Talk to the dealer, most are more than willing to chat with someone who has found a new 'hoard' of coins. If OPSEC is an issue, just say you have a few coins and were wondering. Most coin dealers I have met are pretty honest but remember, they want to give you the lowest price and you want the highest price, that is the game. Also remember, they have to make money on any deal, they are NOT going to give you full retail value for it. If "Book Value" is $10, he will offer you $5 or $6. Settle for $7, $7.50 or $8, depending on your barter skills. $8 still leaves him a little meat. Barter is always better! You can get that $10 for something in his shop that has a price of $10 easy.

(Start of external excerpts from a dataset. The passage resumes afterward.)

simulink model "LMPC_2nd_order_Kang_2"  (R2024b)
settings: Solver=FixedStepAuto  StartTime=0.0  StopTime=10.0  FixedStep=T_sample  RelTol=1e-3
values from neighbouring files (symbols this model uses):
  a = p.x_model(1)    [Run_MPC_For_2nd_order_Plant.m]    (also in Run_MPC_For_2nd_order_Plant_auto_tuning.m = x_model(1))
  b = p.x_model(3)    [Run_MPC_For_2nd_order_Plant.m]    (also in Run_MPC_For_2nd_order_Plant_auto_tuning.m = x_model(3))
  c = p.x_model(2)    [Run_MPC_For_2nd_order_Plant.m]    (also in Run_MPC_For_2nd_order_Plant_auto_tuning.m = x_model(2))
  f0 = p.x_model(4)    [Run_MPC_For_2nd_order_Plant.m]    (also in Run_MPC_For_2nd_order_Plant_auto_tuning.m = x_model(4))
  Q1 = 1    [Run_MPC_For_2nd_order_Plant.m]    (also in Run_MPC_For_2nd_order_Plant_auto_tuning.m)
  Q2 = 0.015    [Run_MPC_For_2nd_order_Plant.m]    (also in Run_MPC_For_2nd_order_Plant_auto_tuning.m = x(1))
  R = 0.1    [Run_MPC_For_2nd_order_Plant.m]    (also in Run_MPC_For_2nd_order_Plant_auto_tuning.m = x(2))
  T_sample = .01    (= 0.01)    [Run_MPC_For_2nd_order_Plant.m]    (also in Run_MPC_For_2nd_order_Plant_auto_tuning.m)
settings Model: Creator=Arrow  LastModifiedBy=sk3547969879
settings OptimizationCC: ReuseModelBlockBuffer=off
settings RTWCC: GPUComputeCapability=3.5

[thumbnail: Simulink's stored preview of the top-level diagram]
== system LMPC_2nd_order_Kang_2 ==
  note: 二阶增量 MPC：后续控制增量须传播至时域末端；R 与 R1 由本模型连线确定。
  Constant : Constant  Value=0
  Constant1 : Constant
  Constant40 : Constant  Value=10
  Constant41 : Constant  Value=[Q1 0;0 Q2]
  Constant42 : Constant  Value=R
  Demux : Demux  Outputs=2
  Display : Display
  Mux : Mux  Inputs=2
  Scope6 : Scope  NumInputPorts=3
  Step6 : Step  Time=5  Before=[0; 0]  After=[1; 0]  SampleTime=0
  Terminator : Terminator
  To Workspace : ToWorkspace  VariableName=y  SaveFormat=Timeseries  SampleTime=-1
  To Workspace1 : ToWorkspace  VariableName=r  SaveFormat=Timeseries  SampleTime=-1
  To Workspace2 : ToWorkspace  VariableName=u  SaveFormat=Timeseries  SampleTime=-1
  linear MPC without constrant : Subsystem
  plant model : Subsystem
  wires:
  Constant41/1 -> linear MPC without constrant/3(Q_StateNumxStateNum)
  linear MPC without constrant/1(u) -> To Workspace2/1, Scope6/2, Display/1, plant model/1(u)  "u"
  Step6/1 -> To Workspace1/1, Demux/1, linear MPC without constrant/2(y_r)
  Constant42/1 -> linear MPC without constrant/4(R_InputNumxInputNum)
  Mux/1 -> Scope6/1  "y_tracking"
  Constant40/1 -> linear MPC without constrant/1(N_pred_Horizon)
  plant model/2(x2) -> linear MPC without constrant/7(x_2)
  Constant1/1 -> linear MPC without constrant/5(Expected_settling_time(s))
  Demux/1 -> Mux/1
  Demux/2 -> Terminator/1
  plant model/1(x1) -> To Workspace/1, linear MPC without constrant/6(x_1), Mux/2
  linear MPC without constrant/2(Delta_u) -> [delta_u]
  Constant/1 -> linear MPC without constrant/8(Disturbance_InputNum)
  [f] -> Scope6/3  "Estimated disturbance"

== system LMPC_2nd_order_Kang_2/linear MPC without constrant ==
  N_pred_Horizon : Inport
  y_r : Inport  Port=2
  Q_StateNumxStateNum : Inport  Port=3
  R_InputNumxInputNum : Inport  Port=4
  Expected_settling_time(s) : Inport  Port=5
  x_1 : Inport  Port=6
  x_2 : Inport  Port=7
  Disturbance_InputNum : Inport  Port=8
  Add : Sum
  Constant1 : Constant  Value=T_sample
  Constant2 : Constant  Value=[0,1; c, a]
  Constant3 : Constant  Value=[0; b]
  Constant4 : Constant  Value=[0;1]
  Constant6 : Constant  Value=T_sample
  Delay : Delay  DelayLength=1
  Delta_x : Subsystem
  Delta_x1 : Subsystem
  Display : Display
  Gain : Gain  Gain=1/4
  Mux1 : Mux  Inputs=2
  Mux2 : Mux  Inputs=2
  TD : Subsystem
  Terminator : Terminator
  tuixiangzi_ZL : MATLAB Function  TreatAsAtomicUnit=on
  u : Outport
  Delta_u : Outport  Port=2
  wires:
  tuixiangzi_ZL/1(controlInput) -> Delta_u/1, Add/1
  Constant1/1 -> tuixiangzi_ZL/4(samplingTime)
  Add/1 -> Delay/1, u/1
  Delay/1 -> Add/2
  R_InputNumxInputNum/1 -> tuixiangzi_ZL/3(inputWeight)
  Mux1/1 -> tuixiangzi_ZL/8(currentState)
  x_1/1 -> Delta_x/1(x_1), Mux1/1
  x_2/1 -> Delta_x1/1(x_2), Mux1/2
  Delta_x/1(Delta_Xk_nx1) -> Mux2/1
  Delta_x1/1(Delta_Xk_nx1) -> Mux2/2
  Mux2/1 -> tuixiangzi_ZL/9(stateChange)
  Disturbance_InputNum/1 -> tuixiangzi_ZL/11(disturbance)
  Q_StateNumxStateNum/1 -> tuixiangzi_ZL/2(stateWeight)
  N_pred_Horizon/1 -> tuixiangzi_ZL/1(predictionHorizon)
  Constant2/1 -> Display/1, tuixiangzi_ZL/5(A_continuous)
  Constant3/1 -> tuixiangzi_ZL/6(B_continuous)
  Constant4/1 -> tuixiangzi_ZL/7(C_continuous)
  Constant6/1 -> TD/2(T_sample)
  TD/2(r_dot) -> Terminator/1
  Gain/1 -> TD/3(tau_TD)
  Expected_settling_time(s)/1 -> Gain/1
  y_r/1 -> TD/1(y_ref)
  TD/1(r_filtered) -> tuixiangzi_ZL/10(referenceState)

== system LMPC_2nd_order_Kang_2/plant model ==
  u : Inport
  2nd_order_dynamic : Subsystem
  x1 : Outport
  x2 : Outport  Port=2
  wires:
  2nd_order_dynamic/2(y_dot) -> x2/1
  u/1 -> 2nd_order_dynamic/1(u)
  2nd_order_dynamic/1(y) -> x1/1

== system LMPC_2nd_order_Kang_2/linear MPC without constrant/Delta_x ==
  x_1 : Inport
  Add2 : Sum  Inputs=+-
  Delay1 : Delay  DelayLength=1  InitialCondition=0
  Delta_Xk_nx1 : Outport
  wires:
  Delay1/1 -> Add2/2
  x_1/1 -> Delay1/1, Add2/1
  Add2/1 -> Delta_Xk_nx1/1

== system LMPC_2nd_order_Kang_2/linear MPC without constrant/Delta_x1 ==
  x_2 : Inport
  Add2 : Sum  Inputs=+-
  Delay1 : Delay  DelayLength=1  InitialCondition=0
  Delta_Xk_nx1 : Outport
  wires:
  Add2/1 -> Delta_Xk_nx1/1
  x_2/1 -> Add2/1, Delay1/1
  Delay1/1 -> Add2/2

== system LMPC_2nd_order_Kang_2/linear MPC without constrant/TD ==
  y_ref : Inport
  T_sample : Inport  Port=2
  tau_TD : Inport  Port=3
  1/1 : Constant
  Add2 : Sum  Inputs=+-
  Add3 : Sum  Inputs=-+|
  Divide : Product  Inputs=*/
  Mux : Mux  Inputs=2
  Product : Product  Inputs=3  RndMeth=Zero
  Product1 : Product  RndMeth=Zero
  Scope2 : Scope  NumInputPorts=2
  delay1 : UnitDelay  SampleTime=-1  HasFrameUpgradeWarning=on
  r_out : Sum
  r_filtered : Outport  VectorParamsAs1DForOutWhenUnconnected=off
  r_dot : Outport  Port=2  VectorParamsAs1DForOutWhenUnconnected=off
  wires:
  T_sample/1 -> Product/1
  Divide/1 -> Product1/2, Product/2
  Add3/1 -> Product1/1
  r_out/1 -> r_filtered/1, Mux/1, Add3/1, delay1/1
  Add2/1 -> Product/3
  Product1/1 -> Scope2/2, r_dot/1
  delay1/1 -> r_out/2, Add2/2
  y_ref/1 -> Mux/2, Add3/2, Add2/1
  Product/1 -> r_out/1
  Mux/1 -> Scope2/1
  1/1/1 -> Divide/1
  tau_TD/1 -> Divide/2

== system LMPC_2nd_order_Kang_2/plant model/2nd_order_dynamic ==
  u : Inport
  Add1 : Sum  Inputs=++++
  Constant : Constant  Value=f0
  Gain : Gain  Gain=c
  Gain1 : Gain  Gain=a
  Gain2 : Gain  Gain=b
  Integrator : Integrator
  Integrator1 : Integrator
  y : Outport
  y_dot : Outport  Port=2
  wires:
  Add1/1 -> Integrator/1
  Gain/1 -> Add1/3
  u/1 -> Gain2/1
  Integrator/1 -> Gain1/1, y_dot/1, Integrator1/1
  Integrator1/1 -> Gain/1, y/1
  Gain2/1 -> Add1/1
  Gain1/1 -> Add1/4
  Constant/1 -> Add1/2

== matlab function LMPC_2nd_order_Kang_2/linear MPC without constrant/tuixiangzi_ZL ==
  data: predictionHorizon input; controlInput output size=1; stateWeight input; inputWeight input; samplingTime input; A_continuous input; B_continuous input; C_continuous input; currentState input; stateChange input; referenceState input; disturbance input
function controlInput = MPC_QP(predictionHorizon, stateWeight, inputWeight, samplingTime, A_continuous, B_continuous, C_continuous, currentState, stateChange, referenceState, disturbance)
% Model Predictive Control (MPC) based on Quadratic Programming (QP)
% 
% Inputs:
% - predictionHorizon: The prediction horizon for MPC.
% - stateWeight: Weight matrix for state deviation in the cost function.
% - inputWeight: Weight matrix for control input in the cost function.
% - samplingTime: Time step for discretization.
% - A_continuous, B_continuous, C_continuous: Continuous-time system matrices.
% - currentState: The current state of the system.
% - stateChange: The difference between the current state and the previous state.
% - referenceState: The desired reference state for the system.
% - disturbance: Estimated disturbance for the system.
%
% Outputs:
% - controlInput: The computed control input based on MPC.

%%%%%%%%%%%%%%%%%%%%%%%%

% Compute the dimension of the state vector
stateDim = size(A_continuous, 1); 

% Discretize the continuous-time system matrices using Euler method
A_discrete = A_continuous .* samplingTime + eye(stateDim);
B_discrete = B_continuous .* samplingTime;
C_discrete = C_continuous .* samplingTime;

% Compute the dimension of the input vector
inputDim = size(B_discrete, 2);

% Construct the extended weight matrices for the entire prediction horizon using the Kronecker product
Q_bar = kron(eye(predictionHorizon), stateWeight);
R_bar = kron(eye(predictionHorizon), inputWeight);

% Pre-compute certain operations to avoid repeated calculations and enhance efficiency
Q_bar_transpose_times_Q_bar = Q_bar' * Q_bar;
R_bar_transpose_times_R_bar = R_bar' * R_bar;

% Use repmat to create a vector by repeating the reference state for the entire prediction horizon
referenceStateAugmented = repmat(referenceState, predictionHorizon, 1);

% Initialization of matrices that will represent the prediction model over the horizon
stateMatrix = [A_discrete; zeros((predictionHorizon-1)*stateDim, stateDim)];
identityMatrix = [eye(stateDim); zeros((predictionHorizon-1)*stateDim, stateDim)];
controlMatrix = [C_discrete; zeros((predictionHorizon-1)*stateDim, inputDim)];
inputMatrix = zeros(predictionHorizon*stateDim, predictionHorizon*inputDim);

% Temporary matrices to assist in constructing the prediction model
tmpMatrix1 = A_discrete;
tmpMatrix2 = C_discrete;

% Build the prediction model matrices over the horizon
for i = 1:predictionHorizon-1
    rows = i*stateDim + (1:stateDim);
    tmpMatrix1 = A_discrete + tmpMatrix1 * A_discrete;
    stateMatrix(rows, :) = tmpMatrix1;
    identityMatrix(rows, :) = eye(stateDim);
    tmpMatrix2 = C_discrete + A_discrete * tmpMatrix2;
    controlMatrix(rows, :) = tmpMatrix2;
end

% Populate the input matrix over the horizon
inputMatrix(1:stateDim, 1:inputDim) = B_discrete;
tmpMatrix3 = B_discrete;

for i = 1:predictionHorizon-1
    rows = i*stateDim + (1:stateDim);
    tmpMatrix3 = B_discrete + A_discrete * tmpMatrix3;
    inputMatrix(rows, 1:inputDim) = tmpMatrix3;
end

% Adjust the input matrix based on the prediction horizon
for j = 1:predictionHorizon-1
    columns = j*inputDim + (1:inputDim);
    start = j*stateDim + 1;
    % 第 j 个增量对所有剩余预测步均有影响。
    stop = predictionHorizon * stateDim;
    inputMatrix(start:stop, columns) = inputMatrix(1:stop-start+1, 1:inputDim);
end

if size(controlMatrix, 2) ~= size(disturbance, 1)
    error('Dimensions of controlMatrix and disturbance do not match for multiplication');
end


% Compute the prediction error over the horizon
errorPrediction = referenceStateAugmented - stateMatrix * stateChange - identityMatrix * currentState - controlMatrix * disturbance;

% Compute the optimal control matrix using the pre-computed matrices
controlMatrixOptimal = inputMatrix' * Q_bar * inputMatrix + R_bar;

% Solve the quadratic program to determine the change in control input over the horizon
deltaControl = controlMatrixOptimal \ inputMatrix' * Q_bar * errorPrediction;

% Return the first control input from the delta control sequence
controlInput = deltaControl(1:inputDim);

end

Ask him about grading the particular coins, what are the wear areas, what is a conservative grade on this one or that one. Look at comparable coins in his shop. Then buy something from him before leaving!!! It has been years for me, but there used to be a 'blue book' and a 'red book' of all U. S. coins and their values. Buy one. If you have time, look up a particular coin you brought in, check the grade/year/mint of it and sell it to him. Don't give it away but remember, you gained a lot of knowledge from him, you are paying for an education so give him a good deal. If you are close, offer to trade one for your book! Next time you come in, you will not regret it. They will remember you as a buyer/trader, not just a looker.

Take your book home, gather the family and a magnifying glass. Or, if you are young enough your own 2 or 4 eyes. Pick out one at a time and have some fun!!! 1956 Lincoln penny, Condition looks to be B. UNC, books says...$... Was there a mint mark on it? Shoot, forgot to look!!!


----------



## k0xxx (Oct 27, 2011)

First, I would sit down with your father-in-law and have him tell you about the coins and what they may be worth. If that isn't possible and you feel they may have some real value, then get you a Whitman Red Book. You can get them online, most coin shops, and at big name book stores. The book will tell you what to look for to get a general idea of condition and give you an average retail value. If you prefer, you can look up values at Whitman's website, but it's a pay site. The good news is that you can sign up for a 14 day free trial.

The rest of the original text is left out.